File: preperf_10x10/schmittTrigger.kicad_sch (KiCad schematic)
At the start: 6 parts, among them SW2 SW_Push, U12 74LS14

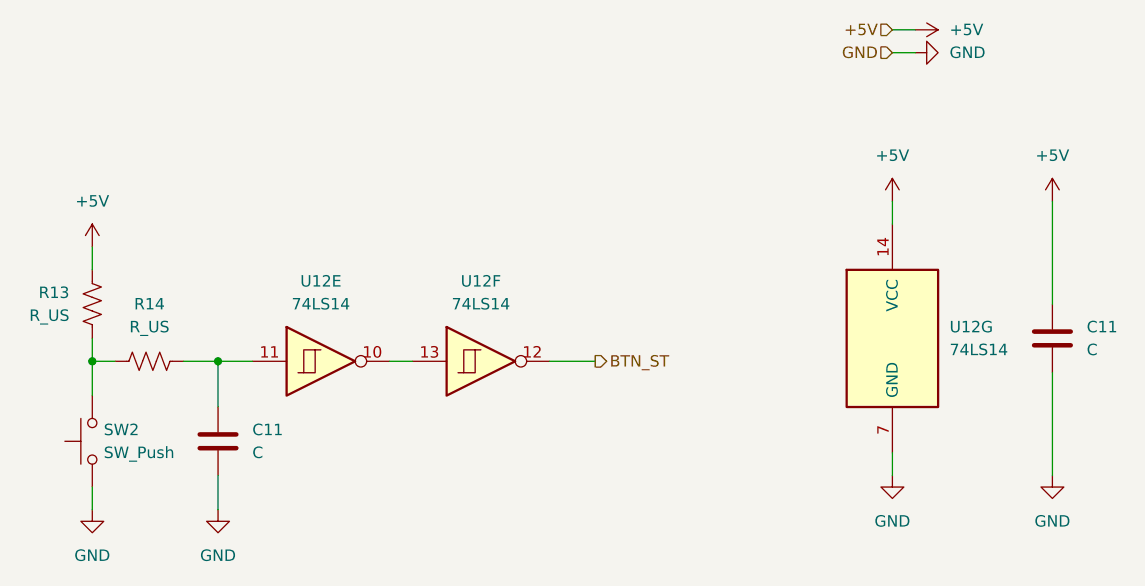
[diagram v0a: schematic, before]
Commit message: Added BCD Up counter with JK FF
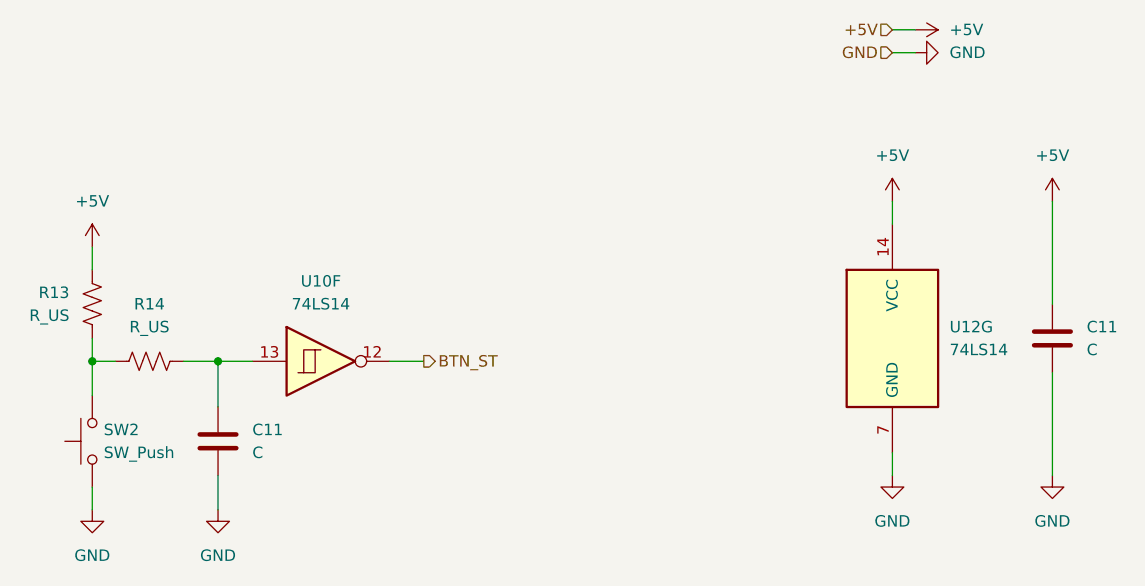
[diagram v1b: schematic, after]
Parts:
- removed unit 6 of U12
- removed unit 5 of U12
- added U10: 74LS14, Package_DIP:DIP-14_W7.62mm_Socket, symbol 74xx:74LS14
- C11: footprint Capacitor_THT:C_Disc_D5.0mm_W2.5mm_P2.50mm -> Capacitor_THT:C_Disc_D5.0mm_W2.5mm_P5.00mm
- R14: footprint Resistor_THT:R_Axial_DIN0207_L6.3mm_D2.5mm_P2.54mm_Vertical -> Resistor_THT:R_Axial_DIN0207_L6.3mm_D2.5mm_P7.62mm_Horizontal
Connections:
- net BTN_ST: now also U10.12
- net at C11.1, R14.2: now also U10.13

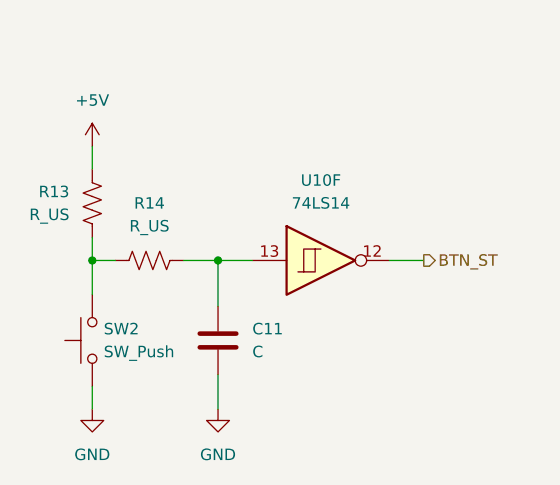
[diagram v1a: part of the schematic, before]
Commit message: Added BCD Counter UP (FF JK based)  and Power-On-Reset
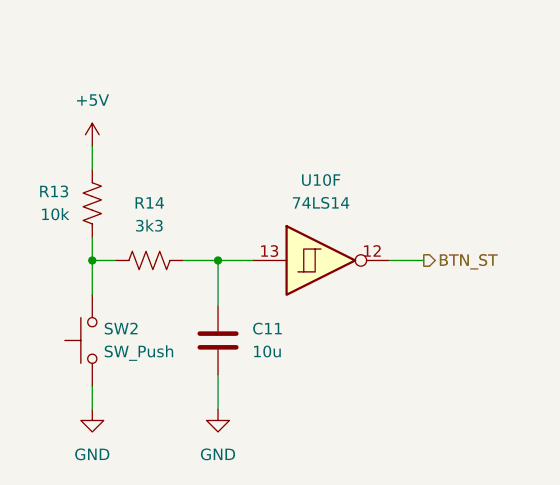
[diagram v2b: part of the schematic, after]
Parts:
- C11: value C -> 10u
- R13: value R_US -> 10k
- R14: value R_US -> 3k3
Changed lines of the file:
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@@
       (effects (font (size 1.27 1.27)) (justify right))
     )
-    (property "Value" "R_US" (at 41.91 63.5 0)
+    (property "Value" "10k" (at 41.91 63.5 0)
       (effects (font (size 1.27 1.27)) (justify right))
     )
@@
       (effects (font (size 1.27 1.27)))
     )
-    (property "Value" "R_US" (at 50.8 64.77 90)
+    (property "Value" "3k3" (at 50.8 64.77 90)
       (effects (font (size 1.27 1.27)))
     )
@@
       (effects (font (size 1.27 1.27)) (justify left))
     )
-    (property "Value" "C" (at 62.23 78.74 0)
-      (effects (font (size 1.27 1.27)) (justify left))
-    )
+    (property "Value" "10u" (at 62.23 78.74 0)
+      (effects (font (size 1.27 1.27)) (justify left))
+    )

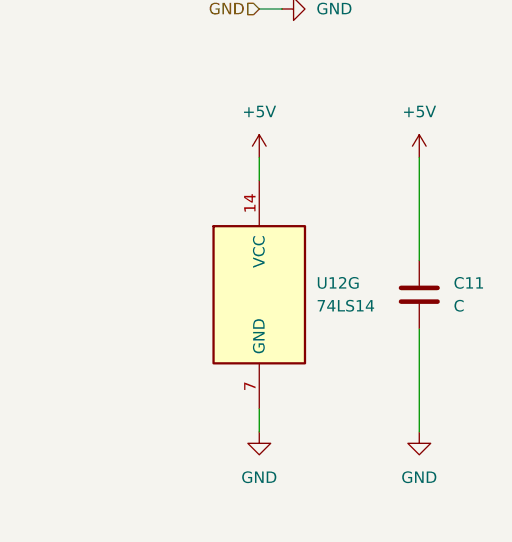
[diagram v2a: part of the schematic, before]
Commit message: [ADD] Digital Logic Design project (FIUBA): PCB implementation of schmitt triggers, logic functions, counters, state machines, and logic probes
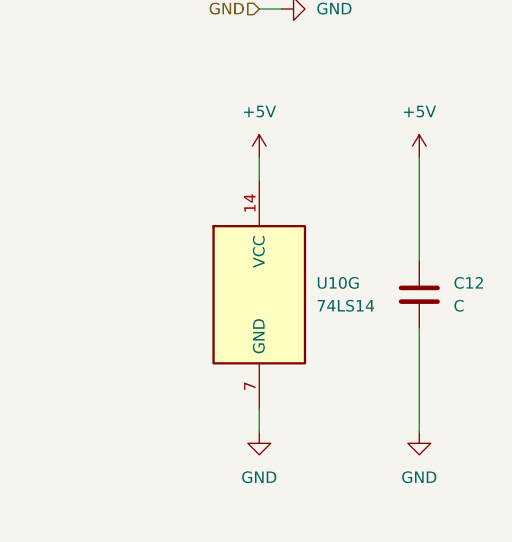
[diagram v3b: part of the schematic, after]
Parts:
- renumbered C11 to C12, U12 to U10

========================

→ **Exercise description**
Reproduce the whole listing word for word, setting aside any pictures.

→ **Result for this exercise**
File: preperf_10x10/schmittTrigger.kicad_sch (KiCad schematic)
At the start: 6 parts, among them SW2 SW_Push, U12 74LS14

[diagram v0a: schematic, before]
Commit message: Added BCD Up counter with JK FF
[diagram v1b: schematic, after]
Parts:
- removed unit 6 of U12
- removed unit 5 of U12
- added U10: 74LS14, Package_DIP:DIP-14_W7.62mm_Socket, symbol 74xx:74LS14
- C11: footprint Capacitor_THT:C_Disc_D5.0mm_W2.5mm_P2.50mm -> Capacitor_THT:C_Disc_D5.0mm_W2.5mm_P5.00mm
- R14: footprint Resistor_THT:R_Axial_DIN0207_L6.3mm_D2.5mm_P2.54mm_Vertical -> Resistor_THT:R_Axial_DIN0207_L6.3mm_D2.5mm_P7.62mm_Horizontal
Connections:
- net BTN_ST: now also U10.12
- net at C11.1, R14.2: now also U10.13

[diagram v1a: part of the schematic, before]
Commit message: Added BCD Counter UP (FF JK based)  and Power-On-Reset
[diagram v2b: part of the schematic, after]
Parts:
- C11: value C -> 10u
- R13: value R_US -> 10k
- R14: value R_US -> 3k3
Changed lines of the file:
@@
       (effects (font (size 1.27 1.27)) (justify right))
     )
-    (property "Value" "R_US" (at 41.91 63.5 0)
+    (property "Value" "10k" (at 41.91 63.5 0)
       (effects (font (size 1.27 1.27)) (justify right))
     )
@@
       (effects (font (size 1.27 1.27)))
     )
-    (property "Value" "R_US" (at 50.8 64.77 90)
+    (property "Value" "3k3" (at 50.8 64.77 90)
       (effects (font (size 1.27 1.27)))
     )
@@
       (effects (font (size 1.27 1.27)) (justify left))
     )
-    (property "Value" "C" (at 62.23 78.74 0)
-      (effects (font (size 1.27 1.27)) (justify left))
-    )
+    (property "Value" "10u" (at 62.23 78.74 0)
+      (effects (font (size 1.27 1.27)) (justify left))
+    )

[diagram v2a: part of the schematic, before]
Commit message: [ADD] Digital Logic Design project (FIUBA): PCB implementation of schmitt triggers, logic functions, counters, state machines, and logic probes
[diagram v3b: part of the schematic, after]
Parts:
- renumbered C11 to C12, U12 to U10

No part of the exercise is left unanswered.